Users creating custom Operators will find it easier to expose lineage in this framework.

Users who are not using OpenLineage will not be affected.

Implementation Details

This effort is decomposed in a few independent steps, which details are described in the following sections. 

We expect to implement those steps in the following sequence:

  • Create the Airflow-OpenLineage provider in the Airflow project.
  • Move lineage logic from Extractors into the Operators themselves.
  • Add lineage coverage to the TaskFlow API.

OpenLineage Provider  in Airflow

Creation of a new OpenLineage provider in the airflow project.

  • The DAG and Task listeners are moved from the openlineage-airflow package to the Airflow-OpenLineage-provider in the Airflow project.
  • The openlineage-airflow package is deprecated in OpenLineage in favor of the new provider.

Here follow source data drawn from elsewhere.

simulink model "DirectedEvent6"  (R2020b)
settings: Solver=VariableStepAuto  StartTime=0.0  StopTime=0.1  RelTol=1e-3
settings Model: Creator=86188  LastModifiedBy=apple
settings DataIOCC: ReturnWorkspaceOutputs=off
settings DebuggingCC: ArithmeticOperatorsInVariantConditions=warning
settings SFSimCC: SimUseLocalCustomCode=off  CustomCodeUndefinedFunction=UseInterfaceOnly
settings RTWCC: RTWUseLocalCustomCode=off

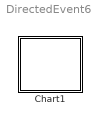
== system DirectedEvent6 ==
  Chart1 : Stateflow chart  TreatAsAtomicUnit=on

== stateflow chart DirectedEvent6/Chart1 ==
  settings: updateMethod=DISCRETE  sampleTime=0.1
  state A
  state B
  state C
    state C1
    state C2
    (default) -> C1
    C1 -> C2 : F{fprintf("d")}
  (default) -> A : {data = 1;}
  A -> B [order 1] : [data==1]{data=2;fprintf("a");send(F,A);fprintf("b")}
  A -> C [order 2] : F{fprintf("c")}
  data: data local =1
  events: F local FUNCTION_CALL_EVENT
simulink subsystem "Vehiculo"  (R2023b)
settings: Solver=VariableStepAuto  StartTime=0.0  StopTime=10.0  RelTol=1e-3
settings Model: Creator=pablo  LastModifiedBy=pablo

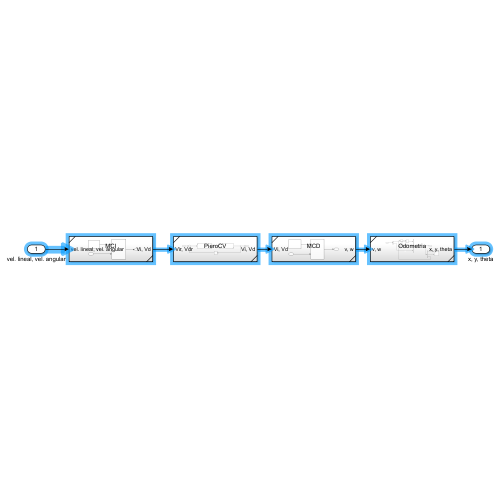
[thumbnail: Simulink's stored preview of the top-level diagram]
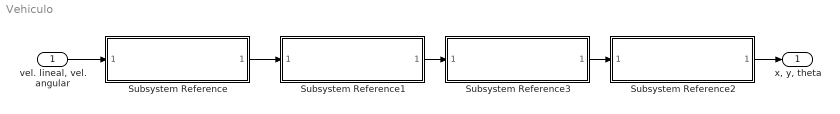
== system Vehiculo ==
  "vel. lineal, vel. angular" : Inport
  Subsystem Reference : Subsystem  ReferencedSubsystem=MCI
  Subsystem Reference1 : Subsystem  ReferencedSubsystem=PieroCV
  Subsystem Reference2 : Subsystem  ReferencedSubsystem=Odometria
  Subsystem Reference3 : Subsystem  ReferencedSubsystem=MCD
  "x, y, theta" : Outport
  wires:
  Subsystem Reference/1 -> Subsystem Reference1/1
  Subsystem Reference3/1 -> Subsystem Reference2/1
  Subsystem Reference1/1 -> Subsystem Reference3/1
  Subsystem Reference2/1 -> "x, y, theta"/1
  "vel. lineal, vel. angular"/1 -> Subsystem Reference/1

Support for older versions of Airflow will stay there for some time. We can turn the openlineage-airflow package into a shell that depends on the new provider.
  • We add the OpenLineage configuration in the airflow configuration. This would be the preferred configuration mechanism over the environment variables.
  • The new Airflow-OpenLineage-provider is added to the Airflow docker image.

OpenLineage support in providers:

As part of this new provider, we define a new optional contract for operators defined in the documentation here: get_openlineage_facets*. Each

  • Moving forward, support for lineage in more operators does not require writing an extractors. A good example of this is described here. Extractors were needed only because the lineage logic was in a separate package from the Operator. If the logic is in the same package then the preferred approach is to add get_openlineage_facets* methods to the Operator and let the DefaultExtractor collect lineage.
  • Existing Extractors logic is moved to their respective Operators.
  • Lineage and operator logic are tested together, which avoids breaking lineage extraction when operators change.
  • The lineage support is tested as part of the Operator tests.
  • In this API, we will reuse a dictionary of entities (PostgresTable, GCSEntity, AWSS3Entity, …) defined in Airflow to describe Datasets that are mapped to OpenLineage Datasets and can describe their specific facets.

We intend to contribute that to the most commonly used operators. Moving forward it is expected for new Operators to expose lineage natively and external Providers maintainers to implement this API. If there are gaps, users can query their OpenLineage repository to track Operators that are missing lineage and open issues on the corresponding repo.

The OpenLineage SQL parser stays a shared component used by other integrations.

OpenLineage support in TaskFlow and Python operators

Currently TaskFlow API and PythonOperators are opaque because there is limited lineage we can extract from arbitrary code. Currently PythonOperator and TaskFlow do not expose lineage unless users provide inlets and outlets for their tasks. As an improvement, We propose adding an API enabling exposing lineage from hooks. Then at the operator level (in the PythonOperator or the DecoratedPythonOperator used by TaskFlow), this lineage is collected and returned through the new get_OpenLineage_Facets* APIs.

The DBAPIHook is the common API for all SQL hooks and can be the central point to collect lineage in a similar fashion that SQL based Operators collect lineage.

High level proposal:

  1. The Operator registers a Listener to the DbApiHook in get_openlineage_facets_on_start()
  2. The Operator runs, the DBAPIHook notifies the Listener when it access datasets and the Operator accumulates this information.
  3. The Operator exposes the collected lineage in get_openlineage_facets_on_complete(ti)

listener = CollectionListener()

return listener.get_consolidated_lineage()

Other considerations?

What defines this AIP as "done"?

This is done once the first release of the airflow-openlineage-provider is released, replacing the openlineage-airflow package.

Scope of the initial implementation

Move the openlineage-airflow code base into an Airflow-OpenLineage provider. Renaming packages and refactoring accordingly.